TASK TO COMPLETE — Nothing but the lines below between the line holding "#85=LINE('',#84,#83);" and the line holding "#107=VECTOR('',#106,1.);", inclusive, should appear in the answer, each set down exactly.

*** Opening AVAILABLE DATA ***

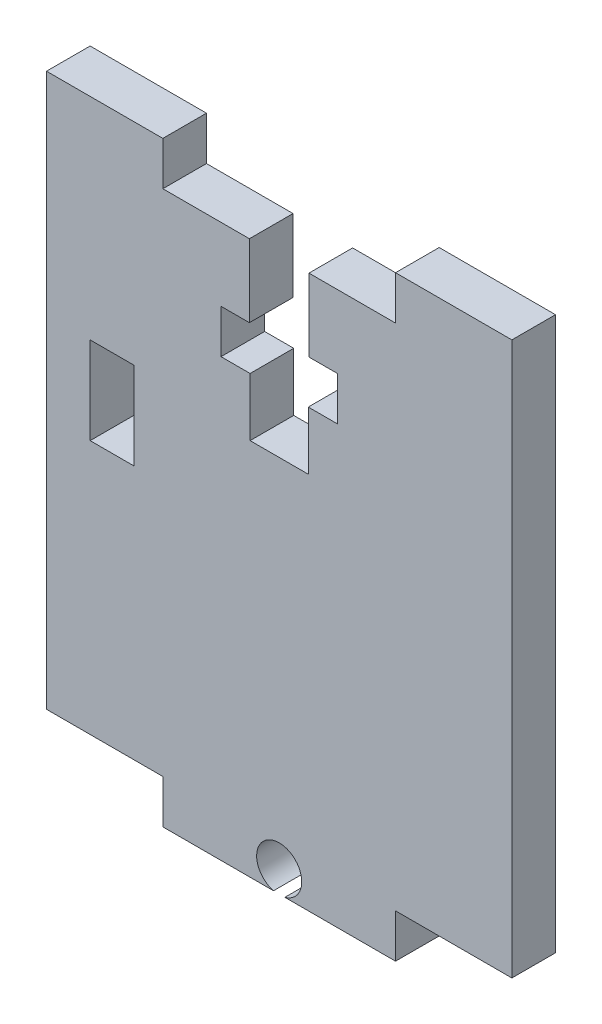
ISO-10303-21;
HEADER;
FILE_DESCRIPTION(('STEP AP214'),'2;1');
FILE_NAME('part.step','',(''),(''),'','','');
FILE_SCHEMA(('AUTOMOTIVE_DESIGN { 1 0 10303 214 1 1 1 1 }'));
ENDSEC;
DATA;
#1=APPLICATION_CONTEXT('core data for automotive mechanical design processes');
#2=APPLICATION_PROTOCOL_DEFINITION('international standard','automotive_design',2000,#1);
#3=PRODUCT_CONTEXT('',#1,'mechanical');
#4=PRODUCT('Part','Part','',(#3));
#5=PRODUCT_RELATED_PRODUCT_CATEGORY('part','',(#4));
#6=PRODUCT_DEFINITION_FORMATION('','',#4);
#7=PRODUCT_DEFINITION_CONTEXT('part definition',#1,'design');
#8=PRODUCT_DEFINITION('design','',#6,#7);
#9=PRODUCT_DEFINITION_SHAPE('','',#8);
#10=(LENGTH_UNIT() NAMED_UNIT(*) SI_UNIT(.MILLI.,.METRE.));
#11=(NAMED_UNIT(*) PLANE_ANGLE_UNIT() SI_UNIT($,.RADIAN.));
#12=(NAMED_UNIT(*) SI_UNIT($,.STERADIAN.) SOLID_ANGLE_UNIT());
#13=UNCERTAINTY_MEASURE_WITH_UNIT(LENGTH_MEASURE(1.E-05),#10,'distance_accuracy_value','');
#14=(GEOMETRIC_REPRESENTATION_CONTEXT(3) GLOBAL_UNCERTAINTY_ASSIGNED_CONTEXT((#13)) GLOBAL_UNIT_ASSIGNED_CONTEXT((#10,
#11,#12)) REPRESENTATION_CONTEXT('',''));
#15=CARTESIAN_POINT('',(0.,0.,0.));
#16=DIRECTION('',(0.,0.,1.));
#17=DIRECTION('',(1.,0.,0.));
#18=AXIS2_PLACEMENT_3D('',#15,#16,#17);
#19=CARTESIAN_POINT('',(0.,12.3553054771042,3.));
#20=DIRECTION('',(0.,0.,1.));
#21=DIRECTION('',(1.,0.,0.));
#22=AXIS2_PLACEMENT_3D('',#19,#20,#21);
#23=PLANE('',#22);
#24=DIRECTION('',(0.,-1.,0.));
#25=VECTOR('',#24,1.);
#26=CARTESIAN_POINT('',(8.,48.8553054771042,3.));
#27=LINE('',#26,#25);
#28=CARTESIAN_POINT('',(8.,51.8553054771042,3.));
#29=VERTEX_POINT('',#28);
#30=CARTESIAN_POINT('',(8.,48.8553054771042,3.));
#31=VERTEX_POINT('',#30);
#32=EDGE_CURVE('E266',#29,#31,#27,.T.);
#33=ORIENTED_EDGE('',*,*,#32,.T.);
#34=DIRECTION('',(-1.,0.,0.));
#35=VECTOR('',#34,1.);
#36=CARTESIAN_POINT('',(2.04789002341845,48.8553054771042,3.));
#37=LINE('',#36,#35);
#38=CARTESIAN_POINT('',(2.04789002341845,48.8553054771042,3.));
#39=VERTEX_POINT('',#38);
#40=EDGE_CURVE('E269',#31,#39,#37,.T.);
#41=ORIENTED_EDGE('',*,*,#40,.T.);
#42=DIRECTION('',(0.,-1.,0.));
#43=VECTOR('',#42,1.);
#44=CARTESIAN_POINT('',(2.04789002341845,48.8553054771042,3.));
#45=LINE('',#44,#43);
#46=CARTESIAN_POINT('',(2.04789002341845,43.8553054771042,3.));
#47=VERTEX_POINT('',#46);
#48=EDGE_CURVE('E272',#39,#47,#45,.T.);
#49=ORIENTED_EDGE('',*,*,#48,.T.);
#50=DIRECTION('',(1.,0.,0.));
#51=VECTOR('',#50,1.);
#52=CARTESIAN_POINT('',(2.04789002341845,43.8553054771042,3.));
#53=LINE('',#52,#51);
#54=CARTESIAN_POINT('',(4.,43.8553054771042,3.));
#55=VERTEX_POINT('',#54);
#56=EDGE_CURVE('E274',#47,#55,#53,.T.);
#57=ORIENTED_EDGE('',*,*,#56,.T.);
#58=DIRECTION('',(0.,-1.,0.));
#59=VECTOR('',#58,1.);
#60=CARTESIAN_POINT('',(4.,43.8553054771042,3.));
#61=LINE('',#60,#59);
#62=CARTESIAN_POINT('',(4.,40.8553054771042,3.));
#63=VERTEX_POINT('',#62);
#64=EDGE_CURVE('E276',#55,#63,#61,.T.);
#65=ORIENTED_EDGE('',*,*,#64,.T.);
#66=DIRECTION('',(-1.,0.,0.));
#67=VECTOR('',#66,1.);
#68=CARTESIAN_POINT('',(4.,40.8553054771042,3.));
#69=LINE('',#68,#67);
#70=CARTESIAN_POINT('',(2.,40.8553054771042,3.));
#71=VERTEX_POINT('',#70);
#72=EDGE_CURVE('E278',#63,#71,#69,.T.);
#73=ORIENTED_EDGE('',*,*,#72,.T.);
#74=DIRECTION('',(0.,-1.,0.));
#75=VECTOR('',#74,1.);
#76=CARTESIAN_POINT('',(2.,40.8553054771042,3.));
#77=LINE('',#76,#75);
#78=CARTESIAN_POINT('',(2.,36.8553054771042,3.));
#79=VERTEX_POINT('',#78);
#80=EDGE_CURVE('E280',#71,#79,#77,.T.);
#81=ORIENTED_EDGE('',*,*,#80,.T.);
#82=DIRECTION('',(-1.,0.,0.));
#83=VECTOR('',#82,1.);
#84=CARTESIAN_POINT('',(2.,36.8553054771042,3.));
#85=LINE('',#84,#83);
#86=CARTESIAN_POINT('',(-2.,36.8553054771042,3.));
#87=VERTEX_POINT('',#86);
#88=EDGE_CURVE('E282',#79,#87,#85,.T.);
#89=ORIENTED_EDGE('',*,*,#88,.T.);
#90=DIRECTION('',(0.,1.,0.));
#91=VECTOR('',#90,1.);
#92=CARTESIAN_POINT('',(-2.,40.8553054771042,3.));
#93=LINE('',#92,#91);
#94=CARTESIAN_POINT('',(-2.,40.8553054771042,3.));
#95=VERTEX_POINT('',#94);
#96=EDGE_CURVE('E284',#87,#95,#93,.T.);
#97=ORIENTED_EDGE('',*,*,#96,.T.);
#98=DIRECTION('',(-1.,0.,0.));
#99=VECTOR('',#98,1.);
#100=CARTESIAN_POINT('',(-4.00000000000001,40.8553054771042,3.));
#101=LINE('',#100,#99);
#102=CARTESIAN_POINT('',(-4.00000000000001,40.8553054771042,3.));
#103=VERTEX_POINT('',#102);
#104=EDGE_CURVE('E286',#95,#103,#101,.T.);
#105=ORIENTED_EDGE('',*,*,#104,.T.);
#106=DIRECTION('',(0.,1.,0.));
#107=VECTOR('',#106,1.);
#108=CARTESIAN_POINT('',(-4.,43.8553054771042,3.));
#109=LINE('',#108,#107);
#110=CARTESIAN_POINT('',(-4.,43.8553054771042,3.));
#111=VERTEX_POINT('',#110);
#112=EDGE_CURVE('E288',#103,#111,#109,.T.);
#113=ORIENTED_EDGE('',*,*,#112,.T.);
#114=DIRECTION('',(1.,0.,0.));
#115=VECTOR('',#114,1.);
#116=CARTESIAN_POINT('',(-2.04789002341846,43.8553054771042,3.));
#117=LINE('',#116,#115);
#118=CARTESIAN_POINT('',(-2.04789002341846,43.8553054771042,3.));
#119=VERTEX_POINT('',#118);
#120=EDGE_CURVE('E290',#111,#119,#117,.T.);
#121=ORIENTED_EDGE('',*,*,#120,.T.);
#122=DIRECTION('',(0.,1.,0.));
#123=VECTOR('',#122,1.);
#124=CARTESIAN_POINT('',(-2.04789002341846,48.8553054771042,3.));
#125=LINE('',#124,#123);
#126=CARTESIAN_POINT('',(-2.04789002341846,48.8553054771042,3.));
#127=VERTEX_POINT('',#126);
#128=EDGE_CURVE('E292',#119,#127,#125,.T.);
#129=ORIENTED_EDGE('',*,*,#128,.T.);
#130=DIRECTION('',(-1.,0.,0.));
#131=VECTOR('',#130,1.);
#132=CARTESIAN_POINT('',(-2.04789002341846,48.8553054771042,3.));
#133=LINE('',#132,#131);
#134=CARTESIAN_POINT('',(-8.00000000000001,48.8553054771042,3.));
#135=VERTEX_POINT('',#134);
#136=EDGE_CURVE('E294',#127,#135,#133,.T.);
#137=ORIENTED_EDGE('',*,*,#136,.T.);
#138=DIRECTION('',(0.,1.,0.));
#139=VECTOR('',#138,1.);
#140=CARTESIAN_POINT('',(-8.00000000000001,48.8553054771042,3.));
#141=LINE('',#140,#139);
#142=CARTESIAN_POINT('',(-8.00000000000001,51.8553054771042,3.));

*** Closing AVAILABLE DATA ***

TASK OUTPUT —
#85=LINE('',#84,#83);
#86=CARTESIAN_POINT('',(-2.,36.8553054771042,3.));
#87=VERTEX_POINT('',#86);
#88=EDGE_CURVE('E282',#79,#87,#85,.T.);
#89=ORIENTED_EDGE('',*,*,#88,.T.);
#90=DIRECTION('',(0.,1.,0.));
#91=VECTOR('',#90,1.);
#92=CARTESIAN_POINT('',(-2.,40.8553054771042,3.));
#93=LINE('',#92,#91);
#94=CARTESIAN_POINT('',(-2.,40.8553054771042,3.));
#95=VERTEX_POINT('',#94);
#96=EDGE_CURVE('E284',#87,#95,#93,.T.);
#97=ORIENTED_EDGE('',*,*,#96,.T.);
#98=DIRECTION('',(-1.,0.,0.));
#99=VECTOR('',#98,1.);
#100=CARTESIAN_POINT('',(-4.00000000000001,40.8553054771042,3.));
#101=LINE('',#100,#99);
#102=CARTESIAN_POINT('',(-4.00000000000001,40.8553054771042,3.));
#103=VERTEX_POINT('',#102);
#104=EDGE_CURVE('E286',#95,#103,#101,.T.);
#105=ORIENTED_EDGE('',*,*,#104,.T.);
#106=DIRECTION('',(0.,1.,0.));
#107=VECTOR('',#106,1.);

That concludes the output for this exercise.